С тех пор в литературе о народничестве этот вопрос стал дискуссионным. Народовольческие писатели в большей или меньшей степени разделяли точку зрения Серебрякова, основывающуюся, впрочем, на записках О. В. Аптекмана 37, материалами которого он пользовался при написании своего очерка. Позже сам Аптекман, по-видимому, не без влияния Плеханова, в значительной степени изменил свой взгляд38. В 1924 г. в своей книге «Общество «Земля и воля» 70-х гг.» он уже не писал, что работа в деревне была невозможна, а говорил о круто изменившемся настроении и стремлении «революционных сил схватиться непосредственно с правительством» 59.
Современные исследователи народовольчества, как правило, принимают к сведению мнение Плеханова, считая его в основе верным 40, но нередко при этом делают оговорки, что нельзя «совершенно игнорировать влияние на народников «ударов полиции», как это делает Плеханов» 41. Вот, например, что пишет Ш. М. Левин: «Что «проповедь» чернопередельцев, настаивавших на необходимости и целесообразности продолжения работы в народе, отнюдь не была в этом отношении бессмысленна, как это пытался представить Серебряков, является бесспорным. Критикуя в этом пункте Серебрякова, Плеханов в основе был прав.
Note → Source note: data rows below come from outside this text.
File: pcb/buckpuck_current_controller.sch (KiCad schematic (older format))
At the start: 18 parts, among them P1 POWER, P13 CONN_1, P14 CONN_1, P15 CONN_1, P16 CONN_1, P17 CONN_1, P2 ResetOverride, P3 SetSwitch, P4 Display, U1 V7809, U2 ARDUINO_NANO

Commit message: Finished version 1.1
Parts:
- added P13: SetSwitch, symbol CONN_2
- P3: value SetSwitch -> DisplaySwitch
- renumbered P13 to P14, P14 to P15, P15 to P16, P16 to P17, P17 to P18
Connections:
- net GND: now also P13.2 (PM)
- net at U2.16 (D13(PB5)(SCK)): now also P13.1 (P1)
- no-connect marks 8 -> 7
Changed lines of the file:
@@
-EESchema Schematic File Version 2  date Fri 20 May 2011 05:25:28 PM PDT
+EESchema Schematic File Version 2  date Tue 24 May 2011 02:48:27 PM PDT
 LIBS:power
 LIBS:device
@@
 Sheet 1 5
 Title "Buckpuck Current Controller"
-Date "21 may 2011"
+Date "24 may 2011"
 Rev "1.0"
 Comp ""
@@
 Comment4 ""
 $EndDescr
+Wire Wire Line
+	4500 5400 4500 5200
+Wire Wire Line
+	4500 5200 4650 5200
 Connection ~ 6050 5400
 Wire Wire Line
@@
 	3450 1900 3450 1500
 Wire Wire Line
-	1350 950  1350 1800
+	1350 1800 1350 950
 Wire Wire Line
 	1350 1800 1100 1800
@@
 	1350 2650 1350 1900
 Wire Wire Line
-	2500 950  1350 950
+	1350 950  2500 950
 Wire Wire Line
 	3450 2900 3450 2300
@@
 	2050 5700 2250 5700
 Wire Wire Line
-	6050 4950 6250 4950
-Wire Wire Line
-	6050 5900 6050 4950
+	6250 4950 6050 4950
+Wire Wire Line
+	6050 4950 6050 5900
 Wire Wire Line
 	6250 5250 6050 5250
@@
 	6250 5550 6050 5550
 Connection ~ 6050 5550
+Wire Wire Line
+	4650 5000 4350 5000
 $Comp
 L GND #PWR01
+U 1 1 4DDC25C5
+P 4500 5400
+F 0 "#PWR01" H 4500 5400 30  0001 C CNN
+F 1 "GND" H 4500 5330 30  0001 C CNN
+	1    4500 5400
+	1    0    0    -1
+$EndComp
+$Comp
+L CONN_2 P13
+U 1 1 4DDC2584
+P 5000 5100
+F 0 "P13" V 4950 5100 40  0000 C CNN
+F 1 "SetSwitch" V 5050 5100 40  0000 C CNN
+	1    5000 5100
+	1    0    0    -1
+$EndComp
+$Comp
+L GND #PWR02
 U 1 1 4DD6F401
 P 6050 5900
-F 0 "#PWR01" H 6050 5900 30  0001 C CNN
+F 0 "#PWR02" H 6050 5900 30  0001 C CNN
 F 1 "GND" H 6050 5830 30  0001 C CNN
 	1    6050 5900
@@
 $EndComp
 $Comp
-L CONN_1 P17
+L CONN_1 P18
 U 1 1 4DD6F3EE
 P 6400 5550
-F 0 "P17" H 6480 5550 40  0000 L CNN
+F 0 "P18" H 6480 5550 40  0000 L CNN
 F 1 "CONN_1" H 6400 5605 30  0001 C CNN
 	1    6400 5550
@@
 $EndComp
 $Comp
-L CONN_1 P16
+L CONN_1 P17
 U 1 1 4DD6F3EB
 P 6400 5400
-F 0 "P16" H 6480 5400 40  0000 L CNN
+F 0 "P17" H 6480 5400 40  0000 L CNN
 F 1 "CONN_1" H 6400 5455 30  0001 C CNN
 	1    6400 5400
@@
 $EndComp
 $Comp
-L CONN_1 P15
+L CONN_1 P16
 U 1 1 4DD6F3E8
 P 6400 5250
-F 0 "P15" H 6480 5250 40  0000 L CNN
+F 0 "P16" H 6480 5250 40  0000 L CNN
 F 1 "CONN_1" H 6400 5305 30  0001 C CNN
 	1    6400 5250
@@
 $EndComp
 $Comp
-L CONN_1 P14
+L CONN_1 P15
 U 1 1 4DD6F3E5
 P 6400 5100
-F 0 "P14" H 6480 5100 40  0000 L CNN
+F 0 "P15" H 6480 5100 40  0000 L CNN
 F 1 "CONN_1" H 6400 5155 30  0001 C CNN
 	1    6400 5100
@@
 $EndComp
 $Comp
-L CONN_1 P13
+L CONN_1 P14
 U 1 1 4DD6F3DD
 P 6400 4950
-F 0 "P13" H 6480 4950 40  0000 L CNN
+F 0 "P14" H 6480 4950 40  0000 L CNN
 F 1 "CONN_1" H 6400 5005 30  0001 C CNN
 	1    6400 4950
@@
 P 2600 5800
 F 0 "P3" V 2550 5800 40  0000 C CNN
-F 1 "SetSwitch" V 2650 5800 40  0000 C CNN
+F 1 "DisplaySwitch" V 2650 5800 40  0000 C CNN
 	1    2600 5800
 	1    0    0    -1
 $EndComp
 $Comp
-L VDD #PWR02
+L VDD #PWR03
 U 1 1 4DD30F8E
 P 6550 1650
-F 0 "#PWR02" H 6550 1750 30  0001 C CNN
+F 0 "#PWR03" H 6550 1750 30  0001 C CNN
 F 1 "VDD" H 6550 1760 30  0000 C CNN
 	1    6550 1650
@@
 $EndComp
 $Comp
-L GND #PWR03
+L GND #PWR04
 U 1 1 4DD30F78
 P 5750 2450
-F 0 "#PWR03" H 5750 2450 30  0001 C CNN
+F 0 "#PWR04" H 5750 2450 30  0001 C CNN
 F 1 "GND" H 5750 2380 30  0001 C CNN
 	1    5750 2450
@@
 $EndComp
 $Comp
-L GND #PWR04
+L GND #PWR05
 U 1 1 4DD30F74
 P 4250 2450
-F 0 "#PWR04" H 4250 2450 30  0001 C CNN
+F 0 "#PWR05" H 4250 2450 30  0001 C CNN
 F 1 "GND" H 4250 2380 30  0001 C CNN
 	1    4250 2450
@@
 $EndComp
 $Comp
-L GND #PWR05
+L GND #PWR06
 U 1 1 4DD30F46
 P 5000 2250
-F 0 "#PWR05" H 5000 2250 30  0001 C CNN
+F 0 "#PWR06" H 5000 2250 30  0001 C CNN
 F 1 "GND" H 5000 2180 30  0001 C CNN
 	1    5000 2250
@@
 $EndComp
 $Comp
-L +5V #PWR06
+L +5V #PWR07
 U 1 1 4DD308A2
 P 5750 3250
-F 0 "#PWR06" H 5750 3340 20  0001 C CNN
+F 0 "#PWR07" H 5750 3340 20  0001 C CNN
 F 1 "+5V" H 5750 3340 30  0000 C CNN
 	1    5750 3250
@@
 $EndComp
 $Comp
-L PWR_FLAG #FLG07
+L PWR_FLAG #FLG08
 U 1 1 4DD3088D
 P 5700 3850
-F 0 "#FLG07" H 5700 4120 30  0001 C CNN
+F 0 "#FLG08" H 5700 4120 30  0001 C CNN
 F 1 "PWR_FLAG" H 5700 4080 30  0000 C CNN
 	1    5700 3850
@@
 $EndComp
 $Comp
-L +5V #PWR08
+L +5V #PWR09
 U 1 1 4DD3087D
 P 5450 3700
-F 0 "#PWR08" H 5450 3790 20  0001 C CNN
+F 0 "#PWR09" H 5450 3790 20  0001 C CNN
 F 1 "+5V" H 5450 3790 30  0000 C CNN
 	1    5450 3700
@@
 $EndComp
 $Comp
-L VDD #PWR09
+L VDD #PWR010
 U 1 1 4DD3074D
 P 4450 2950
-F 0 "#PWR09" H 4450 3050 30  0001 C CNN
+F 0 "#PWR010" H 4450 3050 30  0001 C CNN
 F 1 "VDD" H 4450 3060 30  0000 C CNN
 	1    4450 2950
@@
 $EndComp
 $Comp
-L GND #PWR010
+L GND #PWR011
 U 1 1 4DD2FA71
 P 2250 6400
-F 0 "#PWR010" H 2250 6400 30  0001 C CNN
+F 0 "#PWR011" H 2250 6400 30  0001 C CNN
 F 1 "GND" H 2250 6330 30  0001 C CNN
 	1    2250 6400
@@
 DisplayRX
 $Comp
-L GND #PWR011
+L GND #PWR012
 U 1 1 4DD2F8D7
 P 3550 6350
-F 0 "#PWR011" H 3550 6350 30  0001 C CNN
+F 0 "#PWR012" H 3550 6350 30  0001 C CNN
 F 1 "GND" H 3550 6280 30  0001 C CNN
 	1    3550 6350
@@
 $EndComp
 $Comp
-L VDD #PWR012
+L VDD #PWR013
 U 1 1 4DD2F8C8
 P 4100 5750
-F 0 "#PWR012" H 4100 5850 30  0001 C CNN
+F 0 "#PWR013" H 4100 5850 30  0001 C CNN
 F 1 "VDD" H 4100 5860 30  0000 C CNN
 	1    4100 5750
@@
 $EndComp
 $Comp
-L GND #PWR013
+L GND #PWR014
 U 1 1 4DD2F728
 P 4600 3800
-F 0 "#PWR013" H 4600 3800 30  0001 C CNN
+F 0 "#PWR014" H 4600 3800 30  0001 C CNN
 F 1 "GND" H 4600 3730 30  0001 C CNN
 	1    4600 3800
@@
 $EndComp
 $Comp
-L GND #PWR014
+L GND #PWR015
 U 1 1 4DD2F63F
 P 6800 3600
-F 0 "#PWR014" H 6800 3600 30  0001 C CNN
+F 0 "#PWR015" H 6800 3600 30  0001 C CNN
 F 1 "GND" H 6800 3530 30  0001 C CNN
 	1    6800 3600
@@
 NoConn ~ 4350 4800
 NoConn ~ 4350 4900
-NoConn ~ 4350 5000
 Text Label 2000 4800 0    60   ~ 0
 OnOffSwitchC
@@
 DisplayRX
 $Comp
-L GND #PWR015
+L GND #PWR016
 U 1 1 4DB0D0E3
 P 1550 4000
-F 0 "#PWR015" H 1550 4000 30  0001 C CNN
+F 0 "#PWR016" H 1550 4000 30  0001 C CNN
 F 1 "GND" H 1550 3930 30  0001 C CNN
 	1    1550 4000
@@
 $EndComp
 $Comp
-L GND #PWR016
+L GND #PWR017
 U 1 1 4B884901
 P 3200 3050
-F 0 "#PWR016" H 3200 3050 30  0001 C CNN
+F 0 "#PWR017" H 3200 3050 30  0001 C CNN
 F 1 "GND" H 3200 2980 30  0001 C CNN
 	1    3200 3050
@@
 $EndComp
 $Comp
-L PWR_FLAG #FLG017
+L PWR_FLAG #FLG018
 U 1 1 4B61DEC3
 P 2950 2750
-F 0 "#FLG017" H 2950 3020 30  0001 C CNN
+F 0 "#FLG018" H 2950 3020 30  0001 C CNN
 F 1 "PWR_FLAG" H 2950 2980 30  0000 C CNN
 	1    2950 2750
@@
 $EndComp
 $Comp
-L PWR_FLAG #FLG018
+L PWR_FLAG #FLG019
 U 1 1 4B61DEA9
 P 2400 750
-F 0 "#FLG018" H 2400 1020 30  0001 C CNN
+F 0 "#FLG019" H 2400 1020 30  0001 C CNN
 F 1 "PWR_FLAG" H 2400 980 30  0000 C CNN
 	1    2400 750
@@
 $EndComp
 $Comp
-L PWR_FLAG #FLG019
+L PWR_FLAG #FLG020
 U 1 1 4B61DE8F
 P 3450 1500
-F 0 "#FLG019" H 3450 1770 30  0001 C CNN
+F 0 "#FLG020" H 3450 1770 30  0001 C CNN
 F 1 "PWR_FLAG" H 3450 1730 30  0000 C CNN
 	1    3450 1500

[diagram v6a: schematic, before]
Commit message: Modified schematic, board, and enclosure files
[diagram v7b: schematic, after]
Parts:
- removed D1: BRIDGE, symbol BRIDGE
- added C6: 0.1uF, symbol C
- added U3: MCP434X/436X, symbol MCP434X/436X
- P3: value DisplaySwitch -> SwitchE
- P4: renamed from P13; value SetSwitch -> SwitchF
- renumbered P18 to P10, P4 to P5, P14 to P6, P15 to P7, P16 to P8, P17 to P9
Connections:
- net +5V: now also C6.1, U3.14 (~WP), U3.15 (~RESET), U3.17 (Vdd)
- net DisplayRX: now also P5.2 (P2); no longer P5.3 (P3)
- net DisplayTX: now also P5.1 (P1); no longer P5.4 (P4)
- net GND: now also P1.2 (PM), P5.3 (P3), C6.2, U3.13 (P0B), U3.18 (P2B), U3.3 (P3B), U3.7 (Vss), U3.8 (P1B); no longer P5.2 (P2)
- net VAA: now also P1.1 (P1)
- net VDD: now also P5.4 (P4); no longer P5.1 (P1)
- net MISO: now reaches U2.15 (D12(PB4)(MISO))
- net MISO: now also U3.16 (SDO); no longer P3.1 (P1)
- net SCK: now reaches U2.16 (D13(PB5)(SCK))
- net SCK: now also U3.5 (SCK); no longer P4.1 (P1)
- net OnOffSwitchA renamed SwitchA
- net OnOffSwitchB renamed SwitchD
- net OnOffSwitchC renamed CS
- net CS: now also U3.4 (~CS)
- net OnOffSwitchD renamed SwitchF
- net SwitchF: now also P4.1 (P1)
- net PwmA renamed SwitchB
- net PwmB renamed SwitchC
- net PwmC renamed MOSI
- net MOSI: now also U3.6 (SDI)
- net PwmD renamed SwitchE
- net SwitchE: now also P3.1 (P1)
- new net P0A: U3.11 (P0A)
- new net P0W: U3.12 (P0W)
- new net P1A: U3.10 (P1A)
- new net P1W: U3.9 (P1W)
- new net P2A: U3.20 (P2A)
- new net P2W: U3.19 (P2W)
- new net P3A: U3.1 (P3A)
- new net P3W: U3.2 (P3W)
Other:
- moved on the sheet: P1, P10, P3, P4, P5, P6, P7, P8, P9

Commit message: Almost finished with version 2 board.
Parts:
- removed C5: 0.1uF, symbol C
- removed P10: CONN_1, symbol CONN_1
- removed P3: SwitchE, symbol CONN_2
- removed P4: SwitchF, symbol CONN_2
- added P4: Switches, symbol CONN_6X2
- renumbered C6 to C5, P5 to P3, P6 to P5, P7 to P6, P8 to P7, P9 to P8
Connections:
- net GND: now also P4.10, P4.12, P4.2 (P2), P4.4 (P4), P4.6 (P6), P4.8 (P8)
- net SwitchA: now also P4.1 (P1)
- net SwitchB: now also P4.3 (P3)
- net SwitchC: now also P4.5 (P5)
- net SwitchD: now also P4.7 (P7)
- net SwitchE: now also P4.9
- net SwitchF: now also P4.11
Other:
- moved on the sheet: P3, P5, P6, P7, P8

В то же время не подлежит сомнению, что в своем стремлении опровергнуть Серебрякова и отстоять правоту чернопередельцев в их споре с народовольцами в конце 70-х гг., Плеханов весьма приуменьшил в статье 1903 г. трудности работы в деревне, значение в ом смысле полицейских преследований, травли революционеров и даже переоценивал в известной мере реальные положительные результаты народнической деятельности среди крестьянства» 42.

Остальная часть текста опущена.